Exercise details
From the listing below, copy only the lines running from the line that contains "#93=FACE_BOUND('',#92,.T.);" to the line that contains "#114=LINE('',#113,#112);", both included.

*****

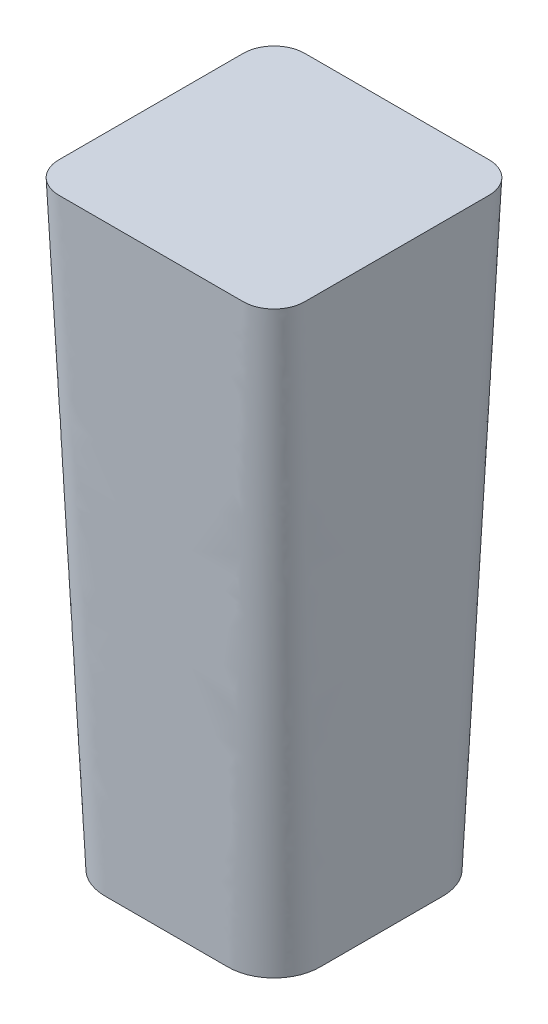
ISO-10303-21;
HEADER;
FILE_DESCRIPTION(('STEP AP214'),'2;1');
FILE_NAME('part.step','',(''),(''),'','','');
FILE_SCHEMA(('AUTOMOTIVE_DESIGN { 1 0 10303 214 1 1 1 1 }'));
ENDSEC;
DATA;
#1=APPLICATION_CONTEXT('core data for automotive mechanical design processes');
#2=APPLICATION_PROTOCOL_DEFINITION('international standard','automotive_design',2000,#1);
#3=PRODUCT_CONTEXT('',#1,'mechanical');
#4=PRODUCT('Part','Part','',(#3));
#5=PRODUCT_RELATED_PRODUCT_CATEGORY('part','',(#4));
#6=PRODUCT_DEFINITION_FORMATION('','',#4);
#7=PRODUCT_DEFINITION_CONTEXT('part definition',#1,'design');
#8=PRODUCT_DEFINITION('design','',#6,#7);
#9=PRODUCT_DEFINITION_SHAPE('','',#8);
#10=(LENGTH_UNIT() NAMED_UNIT(*) SI_UNIT(.MILLI.,.METRE.));
#11=(NAMED_UNIT(*) PLANE_ANGLE_UNIT() SI_UNIT($,.RADIAN.));
#12=(NAMED_UNIT(*) SI_UNIT($,.STERADIAN.) SOLID_ANGLE_UNIT());
#13=UNCERTAINTY_MEASURE_WITH_UNIT(LENGTH_MEASURE(1.E-05),#10,'distance_accuracy_value','');
#14=(GEOMETRIC_REPRESENTATION_CONTEXT(3) GLOBAL_UNCERTAINTY_ASSIGNED_CONTEXT((#13)) GLOBAL_UNIT_ASSIGNED_CONTEXT((#10,
#11,#12)) REPRESENTATION_CONTEXT('',''));
#15=CARTESIAN_POINT('',(0.,0.,0.));
#16=DIRECTION('',(0.,0.,1.));
#17=DIRECTION('',(1.,0.,0.));
#18=AXIS2_PLACEMENT_3D('',#15,#16,#17);
#19=CARTESIAN_POINT('',(-4.,-39.,4.));
#20=DIRECTION('',(0.,1.,0.));
#21=DIRECTION('',(0.,0.,1.));
#22=AXIS2_PLACEMENT_3D('',#19,#20,#21);
#23=PLANE('',#22);
#24=CARTESIAN_POINT('',(-4.,-39.,4.));
#25=DIRECTION('',(0.,1.,0.));
#26=DIRECTION('',(0.,0.,1.));
#27=AXIS2_PLACEMENT_3D('',#24,#25,#26);
#28=CIRCLE('',#27,3.);
#29=CARTESIAN_POINT('',(-7.,-39.,3.99999999999998));
#30=VERTEX_POINT('',#29);
#31=CARTESIAN_POINT('',(-3.99999999999998,-39.,7.));
#32=VERTEX_POINT('',#31);
#33=EDGE_CURVE('E306',#30,#32,#28,.T.);
#34=ORIENTED_EDGE('',*,*,#33,.F.);
#35=DIRECTION('',(0.,0.,1.));
#36=VECTOR('',#35,1.);
#37=CARTESIAN_POINT('',(-7.,-39.,-3.99999999999998));
#38=LINE('',#37,#36);
#39=CARTESIAN_POINT('',(-7.,-39.,-3.99999999999998));
#40=VERTEX_POINT('',#39);
#41=EDGE_CURVE('E12',#40,#30,#38,.T.);
#42=ORIENTED_EDGE('',*,*,#41,.F.);
#43=CARTESIAN_POINT('',(-4.,-39.,-4.));
#44=DIRECTION('',(0.,1.,0.));
#45=DIRECTION('',(0.,0.,1.));
#46=AXIS2_PLACEMENT_3D('',#43,#44,#45);
#47=CIRCLE('',#46,3.);
#48=CARTESIAN_POINT('',(-3.99999999999998,-39.,-7.));
#49=VERTEX_POINT('',#48);
#50=EDGE_CURVE('E238',#49,#40,#47,.T.);
#51=ORIENTED_EDGE('',*,*,#50,.F.);
#52=DIRECTION('',(1.,0.,0.));
#53=VECTOR('',#52,1.);
#54=CARTESIAN_POINT('',(-3.99999999999998,-39.,-7.));
#55=LINE('',#54,#53);
#56=CARTESIAN_POINT('',(3.99999999999998,-39.,-7.));
#57=VERTEX_POINT('',#56);
#58=EDGE_CURVE('E465',#49,#57,#55,.T.);
#59=ORIENTED_EDGE('',*,*,#58,.T.);
#60=CARTESIAN_POINT('',(4.,-39.,-4.));
#61=DIRECTION('',(0.,1.,0.));
#62=DIRECTION('',(0.,0.,1.));
#63=AXIS2_PLACEMENT_3D('',#60,#61,#62);
#64=CIRCLE('',#63,3.);
#65=CARTESIAN_POINT('',(7.,-39.,-3.99999999999998));
#66=VERTEX_POINT('',#65);
#67=EDGE_CURVE('E455',#66,#57,#64,.T.);
#68=ORIENTED_EDGE('',*,*,#67,.F.);
#69=DIRECTION('',(0.,0.,1.));
#70=VECTOR('',#69,1.);
#71=CARTESIAN_POINT('',(7.,-39.,-3.99999999999998));
#72=LINE('',#71,#70);
#73=CARTESIAN_POINT('',(7.,-39.,3.99999999999998));
#74=VERTEX_POINT('',#73);
#75=EDGE_CURVE('E443',#66,#74,#72,.T.);
#76=ORIENTED_EDGE('',*,*,#75,.T.);
#77=CARTESIAN_POINT('',(4.,-39.,4.));
#78=DIRECTION('',(0.,1.,0.));
#79=DIRECTION('',(0.,0.,1.));
#80=AXIS2_PLACEMENT_3D('',#77,#78,#79);
#81=CIRCLE('',#80,3.);
#82=CARTESIAN_POINT('',(3.99999999999998,-39.,7.));
#83=VERTEX_POINT('',#82);
#84=EDGE_CURVE('E428',#83,#74,#81,.T.);
#85=ORIENTED_EDGE('',*,*,#84,.F.);
#86=DIRECTION('',(1.,0.,0.));
#87=VECTOR('',#86,1.);
#88=CARTESIAN_POINT('',(-3.99999999999998,-39.,7.));
#89=LINE('',#88,#87);
#90=EDGE_CURVE('E416',#32,#83,#89,.T.);
#91=ORIENTED_EDGE('',*,*,#90,.F.);
#92=EDGE_LOOP('',(#34,#42,#51,#59,#68,#76,#85,#91));
#93=FACE_BOUND('',#92,.T.);
#94=ADVANCED_FACE('F229',(#93),#23,.F.);
#95=CARTESIAN_POINT('',(-6.,0.,6.));
#96=DIRECTION('',(0.,-1.,0.));
#97=DIRECTION('',(0.,0.,-1.));
#98=AXIS2_PLACEMENT_3D('',#95,#96,#97);
#99=PLANE('',#98);
#100=CARTESIAN_POINT('',(-6.,0.,6.));
#101=DIRECTION('',(0.,-1.,0.));
#102=DIRECTION('',(0.,0.,-1.));
#103=AXIS2_PLACEMENT_3D('',#100,#101,#102);
#104=CIRCLE('',#103,2.);
#105=CARTESIAN_POINT('',(-5.99999999999999,0.,8.));
#106=VERTEX_POINT('',#105);
#107=CARTESIAN_POINT('',(-8.,0.,5.99999999999999));
#108=VERTEX_POINT('',#107);
#109=EDGE_CURVE('E303',#106,#108,#104,.T.);
#110=ORIENTED_EDGE('',*,*,#109,.F.);
#111=DIRECTION('',(1.,0.,0.));
#112=VECTOR('',#111,1.);
#113=CARTESIAN_POINT('',(-5.99999999999999,0.,8.));
#114=LINE('',#113,#112);
#115=CARTESIAN_POINT('',(5.99999999999999,0.,8.));
#116=VERTEX_POINT('',#115);
#117=EDGE_CURVE('E298',#106,#116,#114,.T.);
#118=ORIENTED_EDGE('',*,*,#117,.T.);
#119=CARTESIAN_POINT('',(6.,0.,6.));
#120=DIRECTION('',(0.,1.,0.));
#121=DIRECTION('',(0.,0.,1.));
#122=AXIS2_PLACEMENT_3D('',#119,#120,#121);
#123=CIRCLE('',#122,2.);
#124=CARTESIAN_POINT('',(8.,0.,5.99999999999999));
#125=VERTEX_POINT('',#124);
#126=EDGE_CURVE('E305',#116,#125,#123,.T.);
#127=ORIENTED_EDGE('',*,*,#126,.T.);
#128=DIRECTION('',(0.,0.,1.));
#129=VECTOR('',#128,1.);
#130=CARTESIAN_POINT('',(8.,0.,-5.99999999999999));
#131=LINE('',#130,#129);
#132=CARTESIAN_POINT('',(8.,0.,-5.99999999999999));
#133=VERTEX_POINT('',#132);
#134=EDGE_CURVE('E386',#133,#125,#131,.T.);
#135=ORIENTED_EDGE('',*,*,#134,.F.);
#136=CARTESIAN_POINT('',(6.,0.,-6.));
#137=DIRECTION('',(0.,1.,0.));
#138=DIRECTION('',(0.,0.,1.));
#139=AXIS2_PLACEMENT_3D('',#136,#137,#138);
#140=CIRCLE('',#139,2.);
#141=CARTESIAN_POINT('',(5.99999999999999,0.,-8.));
#142=VERTEX_POINT('',#141);
#143=EDGE_CURVE('E383',#133,#142,#140,.T.);
#144=ORIENTED_EDGE('',*,*,#143,.T.);
#145=DIRECTION('',(1.,0.,0.));
#146=VECTOR('',#145,1.);
#147=CARTESIAN_POINT('',(-5.99999999999999,0.,-8.));
#148=LINE('',#147,#146);
#149=CARTESIAN_POINT('',(-5.99999999999999,0.,-8.));
#150=VERTEX_POINT('',#149);
#151=EDGE_CURVE('E378',#150,#142,#148,.T.);
#152=ORIENTED_EDGE('',*,*,#151,.F.);
#153=CARTESIAN_POINT('',(-6.,0.,-6.));
#154=DIRECTION('',(0.,1.,0.));
#155=DIRECTION('',(0.,0.,1.));
#156=AXIS2_PLACEMENT_3D('',#153,#154,#155);
#157=CIRCLE('',#156,2.);
#158=CARTESIAN_POINT('',(-8.,0.,-5.99999999999999));
#159=VERTEX_POINT('',#158);
#160=EDGE_CURVE('E376',#150,#159,#157,.T.);
#161=ORIENTED_EDGE('',*,*,#160,.T.);
#162=DIRECTION('',(0.,0.,1.));
#163=VECTOR('',#162,1.);
#164=CARTESIAN_POINT('',(-8.,0.,-5.99999999999999));
#165=LINE('',#164,#163);
#166=EDGE_CURVE('E313',#159,#108,#165,.T.);
#167=ORIENTED_EDGE('',*,*,#166,.T.);
#168=EDGE_LOOP('',(#110,#118,#127,#135,#144,#152,#161,#167));
#169=FACE_BOUND('',#168,.T.);
#170=ADVANCED_FACE('F315',(#169),#99,.F.);
#171=CARTESIAN_POINT('',(-5.99999999901379,0.,8.));
#172=CARTESIAN_POINT('',(-3.99999999917202,-39.,7.));
#173=CARTESIAN_POINT('',(-6.18238478103951,0.,8.));
#174=CARTESIAN_POINT('',(-4.15312433333273,-39.,7.));
#175=CARTESIAN_POINT('',(-6.48066479771046,0.,7.95499481573023));
#176=CARTESIAN_POINT('',(-4.47935929820773,-39.,6.97678912731977));
#177=CARTESIAN_POINT('',(-6.848061214367,0.,7.82423870663478));
#178=CARTESIAN_POINT('',(-5.02404497942996,-39.,6.84082888647453));
#179=CARTESIAN_POINT('',(-7.15680336671805,0.,7.6435190743447));
#180=CARTESIAN_POINT('',(-5.59850216324002,-39.,6.56785496894202));
#181=CARTESIAN_POINT('',(-7.42130284881761,0.,7.42130284881759));
#182=CARTESIAN_POINT('',(-6.14051440455841,-39.,6.1405144045584));
#183=CARTESIAN_POINT('',(-7.64351907434468,0.,7.15680336671807));
#184=CARTESIAN_POINT('',(-6.56785496894205,-39.0000000000001,5.59850216324001));
#185=CARTESIAN_POINT('',(-7.82423870663479,0.,6.84806121436698));
#186=CARTESIAN_POINT('',(-6.84082888647454,-38.9999999999999,5.02404497942993));
#187=CARTESIAN_POINT('',(-7.95499481573022,0.,6.48066479771048));
#188=CARTESIAN_POINT('',(-6.97678912731977,-39.,4.47935929820771));
#189=CARTESIAN_POINT('',(-8.,0.,6.18238478103951));
#190=CARTESIAN_POINT('',(-7.,-39.,4.15312433333271));
#191=CARTESIAN_POINT('',(-8.,0.,5.10297017665329));
#192=CARTESIAN_POINT('',(-7.,-39.,3.24688292029269));
#193=CARTESIAN_POINT('',(-8.,0.,3.18082361984502));
#194=CARTESIAN_POINT('',(-7.,-39.,1.89225139112458));
#195=CARTESIAN_POINT('',(-8.,0.,0.));
#196=CARTESIAN_POINT('',(-7.,-39.,0.));
#197=CARTESIAN_POINT('',(-8.,0.,-3.18082361984502));
#198=CARTESIAN_POINT('',(-7.,-39.,-1.89225139112457));
#199=CARTESIAN_POINT('',(-8.,0.,-5.10297017665329));
#200=CARTESIAN_POINT('',(-7.,-39.,-3.24688292029269));
#201=CARTESIAN_POINT('',(-8.,0.,-6.18238478103951));
#202=CARTESIAN_POINT('',(-7.,-39.,-4.15312433333271));
#203=CARTESIAN_POINT('',(-7.95499481573022,0.,-6.48066479771046));
#204=CARTESIAN_POINT('',(-6.97678912731977,-39.,-4.47935929820772));
#205=CARTESIAN_POINT('',(-7.8242387066348,0.,-6.848061214367));
#206=CARTESIAN_POINT('',(-6.84082888647453,-39.,-5.02404497942994));
#207=CARTESIAN_POINT('',(-7.64351907434467,0.,-7.15680336671805));
#208=CARTESIAN_POINT('',(-6.56785496894204,-39.,-5.59850216324001));
#209=CARTESIAN_POINT('',(-7.42130284881762,0.,-7.42130284881761));
#210=CARTESIAN_POINT('',(-6.1405144045584,-39.,-6.14051440455841));
#211=CARTESIAN_POINT('',(-7.15680336671804,0.,-7.64351907434467));
#212=CARTESIAN_POINT('',(-5.59850216324002,-39.,-6.56785496894204));
#213=CARTESIAN_POINT('',(-6.84806121436701,0.,-7.82423870663479));
#214=CARTESIAN_POINT('',(-5.02404497942994,-39.,-6.84082888647453));
#215=CARTESIAN_POINT('',(-6.48066479771046,0.,-7.95499481573023));
#216=CARTESIAN_POINT('',(-4.47935929820771,-39.,-6.97678912731977));
#217=CARTESIAN_POINT('',(-6.18238478103951,0.,-8.));
#218=CARTESIAN_POINT('',(-4.15312433333271,-39.,-7.));
#219=CARTESIAN_POINT('',(-5.10297017665329,0.,-8.));
#220=CARTESIAN_POINT('',(-3.24688292029269,-39.,-7.));
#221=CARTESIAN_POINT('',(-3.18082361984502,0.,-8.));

*****

Output of the exercise
#93=FACE_BOUND('',#92,.T.);
#94=ADVANCED_FACE('F229',(#93),#23,.F.);
#95=CARTESIAN_POINT('',(-6.,0.,6.));
#96=DIRECTION('',(0.,-1.,0.));
#97=DIRECTION('',(0.,0.,-1.));
#98=AXIS2_PLACEMENT_3D('',#95,#96,#97);
#99=PLANE('',#98);
#100=CARTESIAN_POINT('',(-6.,0.,6.));
#101=DIRECTION('',(0.,-1.,0.));
#102=DIRECTION('',(0.,0.,-1.));
#103=AXIS2_PLACEMENT_3D('',#100,#101,#102);
#104=CIRCLE('',#103,2.);
#105=CARTESIAN_POINT('',(-5.99999999999999,0.,8.));
#106=VERTEX_POINT('',#105);
#107=CARTESIAN_POINT('',(-8.,0.,5.99999999999999));
#108=VERTEX_POINT('',#107);
#109=EDGE_CURVE('E303',#106,#108,#104,.T.);
#110=ORIENTED_EDGE('',*,*,#109,.F.);
#111=DIRECTION('',(1.,0.,0.));
#112=VECTOR('',#111,1.);
#113=CARTESIAN_POINT('',(-5.99999999999999,0.,8.));
#114=LINE('',#113,#112);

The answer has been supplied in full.